I also knew another Jewish family on the fifth floor who occasionally on a Saturday, their Sabbath, would ask me to come into their apartment and turn on the electric range for them, and I would happily oblige.
There were other neighbors of different nationalities — Polish, Cuban, and African-Americans — who lived in my building. The latter were two young boys and their parents. The father was always elegantly dressed in a crisp, white shirt and pants with suspenders. There was a trumpet standing up on a table one day when I went visiting with one of the boys and I was told not to touch it, that it belonged to the boys, who were taking lessons.

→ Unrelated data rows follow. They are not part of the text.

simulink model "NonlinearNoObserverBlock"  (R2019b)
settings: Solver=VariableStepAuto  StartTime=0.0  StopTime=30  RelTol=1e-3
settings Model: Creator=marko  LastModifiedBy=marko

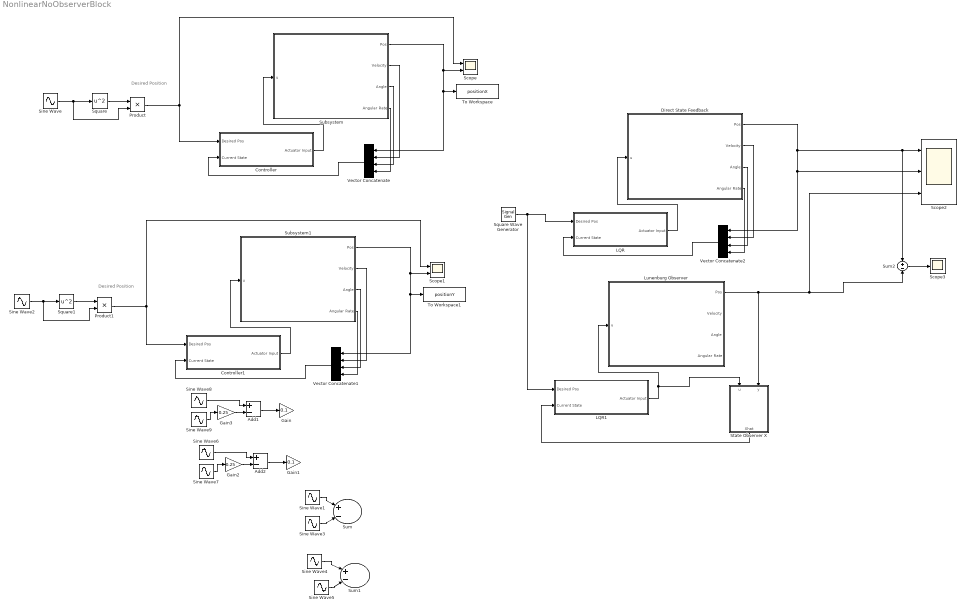
== system NonlinearNoObserverBlock ==
  note: Desired Position
  note: Desired Position
  Add1 : Sum  Inputs=+-
  Add2 : Sum  Inputs=+-
  Controller : Subsystem
  Controller1 : Subsystem
  Direct State Feedback : Subsystem
  Gain : Gain  Gain=0.1
  Gain1 : Gain  Gain=0.1
  Gain2 : Gain  Gain=0.25
  Gain3 : Gain  Gain=0.25
  LQR : Subsystem
  LQR1 : Subsystem
  Lunenburg Observer : Subsystem
  Product : Product
  Product1 : Product
  Scope : Scope  NumInputPorts=2
  Scope1 : Scope  NumInputPorts=2
  Scope2 : Scope  NumInputPorts=3
  Scope3 : Scope
  Sine Wave : Sin  SampleTime=0
  Sine Wave1 : Sin  Amplitude=2  SampleTime=0
  Sine Wave2 : Sin  Phase=pi/2  SampleTime=0
  Sine Wave3 : Sin  Frequency=2  SampleTime=0
  Sine Wave4 : Sin  Amplitude=2  Phase=pi/2  SampleTime=0
  Sine Wave5 : Sin  Frequency=2  Phase=pi/2  SampleTime=0
  Sine Wave6 : Sin  Amplitude=1.25  Phase=pi/2  SampleTime=0
  Sine Wave7 : Sin  Frequency=5  Phase=pi/2  SampleTime=0
  Sine Wave8 : Sin  Amplitude=1.25  Phase=pi/2  SampleTime=0
  Sine Wave9 : Sin  Frequency=5  Phase=pi/2  SampleTime=0
  Square : Math  Operator=square  SignedPower=off  SaturateOnIntegerOverflow=on
  Square Wave Generator : SignalGenerator  WaveForm=square  Amplitude=0.1  Frequency=0.5  Units=rad/sec
  Square1 : Math  Operator=square  SignedPower=off  SaturateOnIntegerOverflow=on
  State Observer X : Subsystem
  Subsystem : Subsystem
  Subsystem1 : Subsystem
  Sum : Sum  Inputs=|+-|
  Sum1 : Sum  Inputs=|+-|
  Sum2 : Sum  Inputs=+-
  To Workspace : ToWorkspace  VariableName=positionX  SampleTime=-1
  To Workspace1 : ToWorkspace  VariableName=positionY  SampleTime=-1
  Vector Concatenate : Concatenate  NumInputs=4
  Vector Concatenate1 : Concatenate  NumInputs=4
  Vector Concatenate2 : Concatenate  NumInputs=4
  wires:
  Subsystem/1(Pos) -> Scope/2, Vector Concatenate/1, To Workspace/1
  Controller/1(Actuator Input) -> Subsystem/1(u)
  Square1/1 -> Product1/1
  Product/1 -> Scope/1, Controller/1(Desired Pos)
  Sine Wave2/1 -> Product1/2, Square1/1
  Sine Wave4/1 -> Sum1/1
  Sine Wave3/1 -> Sum/2
  Sine Wave1/1 -> Sum/1
  Square/1 -> Product/1
  Sine Wave5/1 -> Sum1/2
  Sine Wave/1 -> Product/2, Square/1
  Vector Concatenate/1 -> Controller/2(Current State)
  Subsystem/2(Velocity) -> Vector Concatenate/2
  Subsystem/3(Angle) -> Vector Concatenate/3
  Subsystem/4(Angular Rate) -> Vector Concatenate/4
  Product1/1 -> Controller1/1(Desired Pos), Scope1/1
  Controller1/1(Actuator Input) -> Subsystem1/1(u)
  Vector Concatenate1/1 -> Controller1/2(Current State)
  Subsystem1/4(Angular Rate) -> Vector Concatenate1/4
  Subsystem1/1(Pos) -> Scope1/2, To Workspace1/1, Vector Concatenate1/1
  Subsystem1/3(Angle) -> Vector Concatenate1/3
  Subsystem1/2(Velocity) -> Vector Concatenate1/2
  Sine Wave7/1 -> Gain2/1
  Add2/1 -> Gain1/1
  Gain2/1 -> Add2/2
  Sine Wave6/1 -> Add2/1
  Gain3/1 -> Add1/2
  Sine Wave8/1 -> Add1/1
  Add1/1 -> Gain/1
  Sine Wave9/1 -> Gain3/1
  Direct State Feedback/3(Angle) -> Vector Concatenate2/3
  Direct State Feedback/2(Velocity) -> Vector Concatenate2/2
  LQR/1(Actuator Input) -> Direct State Feedback/1(u)
  Vector Concatenate2/1 -> LQR/2(Current State)
  Direct State Feedback/4(Angular Rate) -> Vector Concatenate2/4
  Direct State Feedback/1(Pos) -> Vector Concatenate2/1, Scope2/2, Sum2/1, Scope2/1
  LQR1/1(Actuator Input) -> State Observer X/1(u), Lunenburg Observer/1(u)
  State Observer X/1(Xhat) -> LQR1/2(Current State)
  Lunenburg Observer/1(Pos) -> State Observer X/2(y), Scope2/3, Sum2/2
  Sum2/1 -> Scope3/1
  Square Wave Generator/1 -> LQR1/1(Desired Pos), LQR/1(Desired Pos)

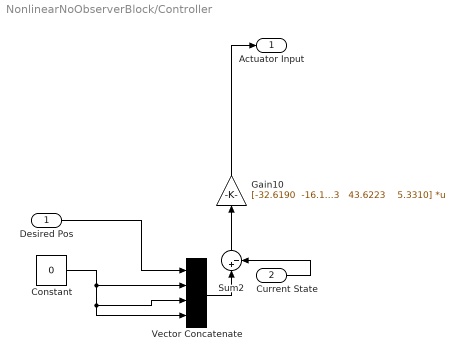
== system NonlinearNoObserverBlock/Controller ==
  Desired Pos : Inport
  Current State : Inport  Port=2
  Constant : Constant  Value=0
  Gain10 : Gain  Gain="[-32.6190  -16.1083   43.6223    5.3310]"  Multiplication=Matrix(K*u)
  Sum2 : Sum  Inputs=|+-
  Vector Concatenate : Concatenate  NumInputs=4
  Actuator Input : Outport
  wires:
  Desired Pos/1 -> Vector Concatenate/1
  Gain10/1 -> Actuator Input/1
  Constant/1 -> Vector Concatenate/2, Vector Concatenate/4, Vector Concatenate/3
  Current State/1 -> Sum2/2
  Sum2/1 -> Gain10/1
  Vector Concatenate/1 -> Sum2/1

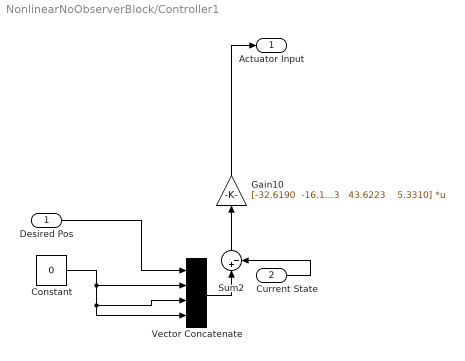
== system NonlinearNoObserverBlock/Controller1 ==
  Desired Pos : Inport
  Current State : Inport  Port=2
  Constant : Constant  Value=0
  Gain10 : Gain  Gain="[-32.6190  -16.1083   43.6223    5.3310]"  Multiplication=Matrix(K*u)
  Sum2 : Sum  Inputs=|+-
  Vector Concatenate : Concatenate  NumInputs=4
  Actuator Input : Outport
  wires:
  Desired Pos/1 -> Vector Concatenate/1
  Gain10/1 -> Actuator Input/1
  Constant/1 -> Vector Concatenate/2, Vector Concatenate/4, Vector Concatenate/3
  Current State/1 -> Sum2/2
  Sum2/1 -> Gain10/1
  Vector Concatenate/1 -> Sum2/1

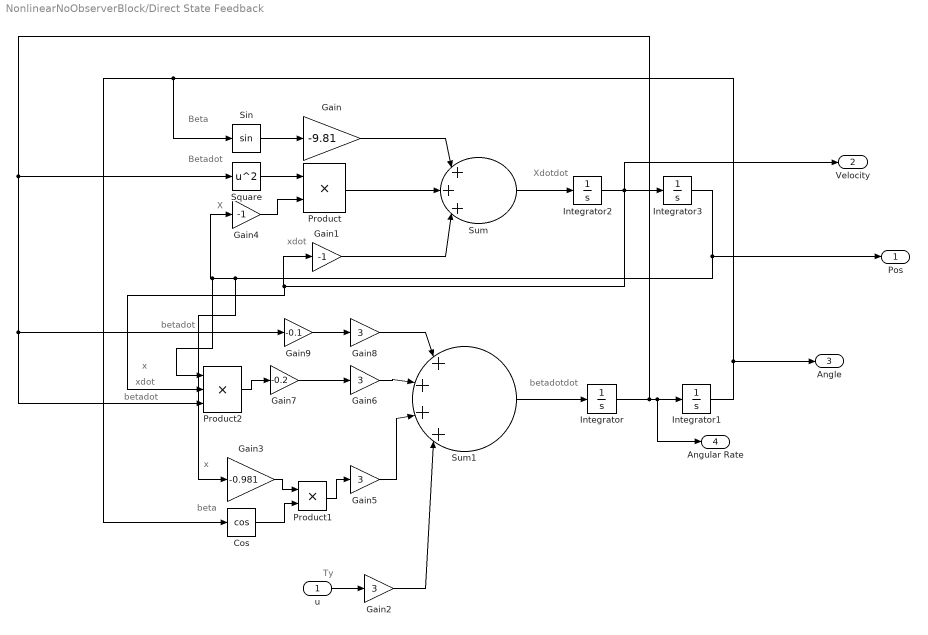
== system NonlinearNoObserverBlock/Direct State Feedback ==
  note: betadotdot
  note: betadot
  note: betadot
  note: xdot
  note: x
  note: beta
  note: x
  note: Ty
  note: xdot
  note: X
  note: Betadot
  note: Beta
  note: Xdotdot
  u : Inport
  Cos : Trigonometry  Operator=cos
  Gain : Gain  Gain=-9.81
  Gain1 : Gain  Gain=-1
  Gain{2,5..6,8} (4 alike) : Gain  Gain=3
  Gain3 : Gain  Gain=-0.981
  Gain4 : Gain  Gain=-1
  Gain7 : Gain  Gain=-0.2
  Gain9 : Gain  Gain=-0.1
  Integrator{,1..3} (4 alike) : Integrator
  Product : Product
  Product1 : Product
  Product2 : Product  Inputs=3
  Sin : Trigonometry
  Square : Math  Operator=square  SignedPower=off  SaturateOnIntegerOverflow=on
  Sum : Sum  Inputs=|+++|
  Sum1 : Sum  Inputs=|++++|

I loved my tenement. Although I took it for granted at the time, I later realized it was like the United Nations with all its residents of different nationalities living under one roof, getting along amicably. That experience was such a valuable lesson for me in life in not just getting along with others, but also respecting their differences and needs. I learned the true meaning of the phrase “melting pot” there, for it’s not just living side by side —it’s knowing that each of us are all unique but similar, all wanting and needing the same things and having the same right to them.
Since those days, I’ve thought a lot about my years in the Bronx and I wouldn’t trade them for any other place in the world.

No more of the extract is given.